TASK DETAILS: Once the images are set aside, write out the rest of the records exactly.

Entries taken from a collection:
☆ ☆ ☆ ☆ ☆ ☆ ☆
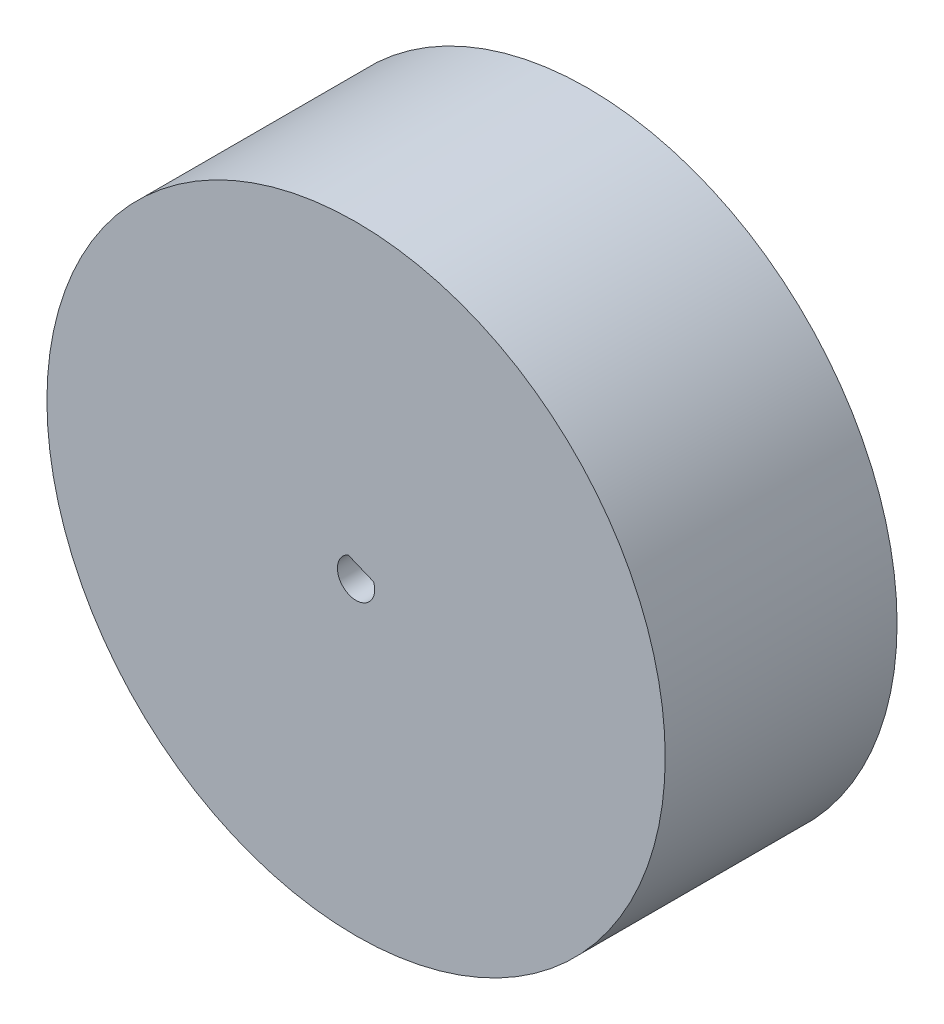
SolidWorks part; units mm, degrees
ref_plane "Front Plane" through (0, 0, 0) normal (0, 0, 1) x (1, 0, 0)
ref_plane "Top Plane" through (0, 0, 0) normal (0, 1, 0) x (1, 0, 0)
ref_plane "Right Plane" through (0, 0, 0) normal (1, 0, 0) x (0, 0, -1)
sketch "Sketch1" plane through (0, 0, 0) normal (0, 0, 1) x (1, 0, 0)
  line L0 (1.4158, 0.4955) -> (1.1504, 0.6055) construction
  line L1 (1.1504, 0.6055) -> (-0.3843, 1.2419) construction
  line L2 (-0.3843, 1.2419) -> (-0.6497, 1.352) construction
  line L3 (1.4158, 0.4955) -> (1.1504, 0.6055) construction
  line L4 (1.1504, 0.6055) -> (-0.3843, 1.2419) construction
  line L5 (-0.3843, 1.2419) -> (-0.6497, 1.352) construction
  line L6 (1.4396, 0.5181) -> (1.1618, 0.6333)
  line L7 (1.1618, 0.6333) -> (-0.3728, 1.2696)
  line L8 (-0.3728, 1.2696) -> (-0.6505, 1.3848)
  circle A0 centre (0, 0) radius 25.4
  arc A1 (1.3856, -0.5746) -> (1.4158, 0.4955) centre (0, 0) ccw construction
  arc A2 (-0.6497, 1.352) -> (-1.3856, 0.5746) centre (0, 0) ccw construction
  arc A3 (-1.3856, 0.5746) -> (1.3856, -0.5746) centre (0, 0) ccw construction
  arc A4 (1.3856, -0.5746) -> (1.4158, 0.4955) centre (0, 0) ccw construction
  arc A5 (-0.6497, 1.352) -> (-1.3856, 0.5746) centre (0, 0) ccw construction
  arc A6 (-1.3856, 0.5746) -> (1.3856, -0.5746) centre (0, 0) ccw construction
  arc A7 (-1.4133, 0.5861) -> (1.4133, -0.5861) centre (0, 0) ccw
  arc A8 (1.4133, -0.5861) -> (1.4396, 0.5181) centre (0, 0) ccw
  arc A9 (-0.6505, 1.3848) -> (-1.4133, 0.5861) centre (0, 0) ccw
  dimension "D1" = 50.8
  dimension "D2" = 0.03
extrude "Boss-Extrude1" add sketch "Sketch1" against normal mid plane 19.05
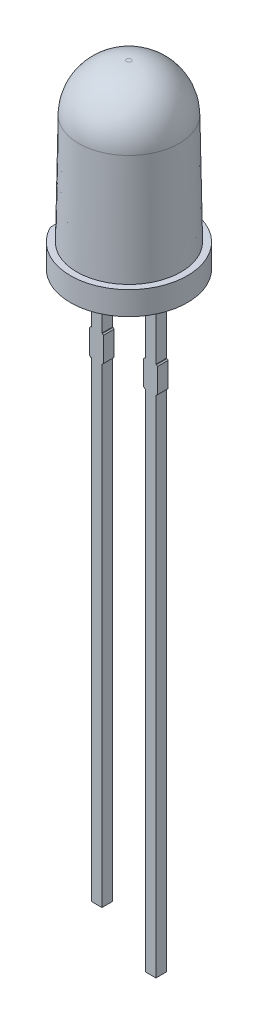
SolidWorks part; units mm, degrees
ref_plane "Front Plane" through (0, 0, 0) normal (0, 0, 1) x (1, 0, 0)
ref_plane "Top Plane" through (0, 0, 0) normal (0, 1, 0) x (1, 0, 0)
ref_plane "Right Plane" through (0, 0, 0) normal (1, 0, 0) x (0, 0, -1)
sketch "Sketch1" plane through (0, 0, 0) normal (0, 1, 0) x (1, 0, 0)
  circle A0 centre (0, 0) radius 2.75
  dimension "D1" = 5.5
extrude "Boss-Extrude1" add sketch "Sketch1" along normal blind 1.1 contours A0
sketch "Sketch2" plane through (0, 1.1, 0) normal (0, 1, 0) x (1, 0, 0)
  circle A0 centre (0, 0) radius 2.45
  dimension "D1" = 4.9
ref_plane "Plane1" through (0, 8.5, 0) normal (0, -1, 0) x (-1, 0, 0)
sketch "Sketch3" plane through (0, 0, 0) normal (0, 0, 1) x (1, 0, 0)
  line L0 (0, 1.1) -> (0, 8.5)
  line L2 (-3.025, 8.5) -> (3.025, 8.5) construction
sweep "Sweep1" add profiles "Sketch2" path "Sketch3"
draft "Draft1" type of draft neutral plane draft angle 1 faces to draft 1 face at (0, 8.5, 2.45) neutral plane through (0, 1.1, 0) neutral plane normal (0, 1, 0) parameters "D1"=1
fillet "Fillet1" radius 2.25 1 edges at (0, 8.5, 2.3208)
sketch "Sketch5" plane through (0, 1.1, 0) normal (0, 1, 0) x (1, 0, 0)
  line L0 (-2.45, 1.249) -> (-2.45, -1.249)
  circle A1 centre (0, 0) radius 2.45 construction
  circle A2 centre (0, 0) radius 2.75 construction
  arc A3 (-2.45, 1.249) -> (-2.45, -1.249) centre (0, 0) ccw
extrude "Cut-Extrude1" cut sketch "Sketch5" against normal blind 1.1
sketch "Sketch6" plane through (0, 0, 0) normal (0, -1, 0) x (1, 0, 0)
  line L0 (-2.2943, 0) -> (2.578, 0) construction
  line L1 (-1.52, 0.25) -> (-1.02, 0.25)
  line L2 (-1.52, 0.25) -> (-1.52, -0.25)
  line L3 (-1.52, -0.25) -> (-1.02, -0.25)
  line L4 (-1.02, 0.25) -> (-1.02, -0.25)
  line L5 (-1.52, 0.25) -> (-1.02, -0.25) construction
  line L6 (-1.52, -0.25) -> (-1.02, 0.25) construction
  line L7 (1.02, 0.25) -> (1.52, 0.25)
  line L8 (1.02, 0.25) -> (1.02, -0.25)
  line L9 (1.02, -0.25) -> (1.52, -0.25)
  line L10 (1.52, 0.25) -> (1.52, -0.25)
  line L11 (1.02, 0.25) -> (1.52, -0.25) construction
  line L12 (1.02, -0.25) -> (1.52, 0.25) construction
  line L13 (0, 1.1407) -> (0, -1.4584) construction
  point P0 (-1.27, 0)
  point P5 (1.27, 0)
  dimension "D1" = 0.5
  dimension "D2" = 0.5
  dimension "D3" = 2.54
extrude "Boss-Extrude2" add sketch "Sketch6" along normal blind 28
other "Move Face1" face at (-1.27, -28, 0) parameters "D1"=1.6
sketch "Sketch7" plane through (0, 0, 0.25) normal (0, 0, 1) x (1, 0, 0)
  line L0 (1.52, -28) -> (1.02, -28) construction
  line L1 (0.945, -3) -> (1.595, -3)
  line L2 (0.945, -3) -> (0.945, -4.25)
  line L3 (0.945, -4.25) -> (1.595, -4.25)
  line L4 (1.595, -3) -> (1.595, -4.25)
  line L5 (-1.595, -3) -> (-0.945, -3)
  line L6 (-1.595, -3) -> (-1.595, -4.25)
  line L7 (-1.595, -4.25) -> (-0.945, -4.25)
  line L8 (-0.945, -3) -> (-0.945, -4.25)
  line L9 (1.27, 0) -> (1.27, -5.5864) construction
  line L10 (1.52, 0) -> (1.02, 0) construction
  line L11 (-1.27, 0) -> (-1.27, -8.0728) construction
  line L12 (-1.02, 0) -> (-1.52, 0) construction
  dimension "D1" = 25
  dimension "D2" = 23.75
  dimension "D3" = 0.65
extrude "Boss-Extrude3" add sketch "Sketch7" against normal up to surface (0.5 mm away) up to face at (1.27, -14, -0.25)
chamfer "Chamfer1" distance 0.05 angle 45 8 edges at (1.595, -4.25, 0) (1.595, -3, 0) (0.945, -3, 0) (0.945, -4.25, 0) (-0.945, -4.25, 0) (-0.945, -3, 0) (-1.595, -4.25, 0) (-1.595, -3, 0)
☆ ☆ ☆ ☆ ☆ ☆ ☆
RESULT OF THE EXERCISE:
SolidWorks part; units mm, degrees
ref_plane "Front Plane" through (0, 0, 0) normal (0, 0, 1) x (1, 0, 0)
ref_plane "Top Plane" through (0, 0, 0) normal (0, 1, 0) x (1, 0, 0)
ref_plane "Right Plane" through (0, 0, 0) normal (1, 0, 0) x (0, 0, -1)
sketch "Sketch1" plane through (0, 0, 0) normal (0, 0, 1) x (1, 0, 0)
  line L0 (1.4158, 0.4955) -> (1.1504, 0.6055) construction
  line L1 (1.1504, 0.6055) -> (-0.3843, 1.2419) construction
  line L2 (-0.3843, 1.2419) -> (-0.6497, 1.352) construction
  line L3 (1.4158, 0.4955) -> (1.1504, 0.6055) construction
  line L4 (1.1504, 0.6055) -> (-0.3843, 1.2419) construction
  line L5 (-0.3843, 1.2419) -> (-0.6497, 1.352) construction
  line L6 (1.4396, 0.5181) -> (1.1618, 0.6333)
  line L7 (1.1618, 0.6333) -> (-0.3728, 1.2696)
  line L8 (-0.3728, 1.2696) -> (-0.6505, 1.3848)
  circle A0 centre (0, 0) radius 25.4
  arc A1 (1.3856, -0.5746) -> (1.4158, 0.4955) centre (0, 0) ccw construction
  arc A2 (-0.6497, 1.352) -> (-1.3856, 0.5746) centre (0, 0) ccw construction
  arc A3 (-1.3856, 0.5746) -> (1.3856, -0.5746) centre (0, 0) ccw construction
  arc A4 (1.3856, -0.5746) -> (1.4158, 0.4955) centre (0, 0) ccw construction
  arc A5 (-0.6497, 1.352) -> (-1.3856, 0.5746) centre (0, 0) ccw construction
  arc A6 (-1.3856, 0.5746) -> (1.3856, -0.5746) centre (0, 0) ccw construction
  arc A7 (-1.4133, 0.5861) -> (1.4133, -0.5861) centre (0, 0) ccw
  arc A8 (1.4133, -0.5861) -> (1.4396, 0.5181) centre (0, 0) ccw
  arc A9 (-0.6505, 1.3848) -> (-1.4133, 0.5861) centre (0, 0) ccw
  dimension "D1" = 50.8
  dimension "D2" = 0.03
extrude "Boss-Extrude1" add sketch "Sketch1" against normal mid plane 19.05
SolidWorks part; units mm, degrees
ref_plane "Front Plane" through (0, 0, 0) normal (0, 0, 1) x (1, 0, 0)
ref_plane "Top Plane" through (0, 0, 0) normal (0, 1, 0) x (1, 0, 0)
ref_plane "Right Plane" through (0, 0, 0) normal (1, 0, 0) x (0, 0, -1)
sketch "Sketch1" plane through (0, 0, 0) normal (0, 1, 0) x (1, 0, 0)
  circle A0 centre (0, 0) radius 2.75
  dimension "D1" = 5.5
extrude "Boss-Extrude1" add sketch "Sketch1" along normal blind 1.1 contours A0
sketch "Sketch2" plane through (0, 1.1, 0) normal (0, 1, 0) x (1, 0, 0)
  circle A0 centre (0, 0) radius 2.45
  dimension "D1" = 4.9
ref_plane "Plane1" through (0, 8.5, 0) normal (0, -1, 0) x (-1, 0, 0)
sketch "Sketch3" plane through (0, 0, 0) normal (0, 0, 1) x (1, 0, 0)
  line L0 (0, 1.1) -> (0, 8.5)
  line L2 (-3.025, 8.5) -> (3.025, 8.5) construction
sweep "Sweep1" add profiles "Sketch2" path "Sketch3"
draft "Draft1" type of draft neutral plane draft angle 1 faces to draft 1 face at (0, 8.5, 2.45) neutral plane through (0, 1.1, 0) neutral plane normal (0, 1, 0) parameters "D1"=1
fillet "Fillet1" radius 2.25 1 edges at (0, 8.5, 2.3208)
sketch "Sketch5" plane through (0, 1.1, 0) normal (0, 1, 0) x (1, 0, 0)
  line L0 (-2.45, 1.249) -> (-2.45, -1.249)
  circle A1 centre (0, 0) radius 2.45 construction
  circle A2 centre (0, 0) radius 2.75 construction
  arc A3 (-2.45, 1.249) -> (-2.45, -1.249) centre (0, 0) ccw
extrude "Cut-Extrude1" cut sketch "Sketch5" against normal blind 1.1
sketch "Sketch6" plane through (0, 0, 0) normal (0, -1, 0) x (1, 0, 0)
  line L0 (-2.2943, 0) -> (2.578, 0) construction
  line L1 (-1.52, 0.25) -> (-1.02, 0.25)
  line L2 (-1.52, 0.25) -> (-1.52, -0.25)
  line L3 (-1.52, -0.25) -> (-1.02, -0.25)
  line L4 (-1.02, 0.25) -> (-1.02, -0.25)
  line L5 (-1.52, 0.25) -> (-1.02, -0.25) construction
  line L6 (-1.52, -0.25) -> (-1.02, 0.25) construction
  line L7 (1.02, 0.25) -> (1.52, 0.25)
  line L8 (1.02, 0.25) -> (1.02, -0.25)
  line L9 (1.02, -0.25) -> (1.52, -0.25)
  line L10 (1.52, 0.25) -> (1.52, -0.25)
  line L11 (1.02, 0.25) -> (1.52, -0.25) construction
  line L12 (1.02, -0.25) -> (1.52, 0.25) construction
  line L13 (0, 1.1407) -> (0, -1.4584) construction
  point P0 (-1.27, 0)
  point P5 (1.27, 0)
  dimension "D1" = 0.5
  dimension "D2" = 0.5
  dimension "D3" = 2.54
extrude "Boss-Extrude2" add sketch "Sketch6" along normal blind 28
other "Move Face1" face at (-1.27, -28, 0) parameters "D1"=1.6
sketch "Sketch7" plane through (0, 0, 0.25) normal (0, 0, 1) x (1, 0, 0)
  line L0 (1.52, -28) -> (1.02, -28) construction
  line L1 (0.945, -3) -> (1.595, -3)
  line L2 (0.945, -3) -> (0.945, -4.25)
  line L3 (0.945, -4.25) -> (1.595, -4.25)
  line L4 (1.595, -3) -> (1.595, -4.25)
  line L5 (-1.595, -3) -> (-0.945, -3)
  line L6 (-1.595, -3) -> (-1.595, -4.25)
  line L7 (-1.595, -4.25) -> (-0.945, -4.25)
  line L8 (-0.945, -3) -> (-0.945, -4.25)
  line L9 (1.27, 0) -> (1.27, -5.5864) construction
  line L10 (1.52, 0) -> (1.02, 0) construction
  line L11 (-1.27, 0) -> (-1.27, -8.0728) construction
  line L12 (-1.02, 0) -> (-1.52, 0) construction
  dimension "D1" = 25
  dimension "D2" = 23.75
  dimension "D3" = 0.65
extrude "Boss-Extrude3" add sketch "Sketch7" against normal up to surface (0.5 mm away) up to face at (1.27, -14, -0.25)
chamfer "Chamfer1" distance 0.05 angle 45 8 edges at (1.595, -4.25, 0) (1.595, -3, 0) (0.945, -3, 0) (0.945, -4.25, 0) (-0.945, -4.25, 0) (-0.945, -3, 0) (-1.595, -4.25, 0) (-1.595, -3, 0)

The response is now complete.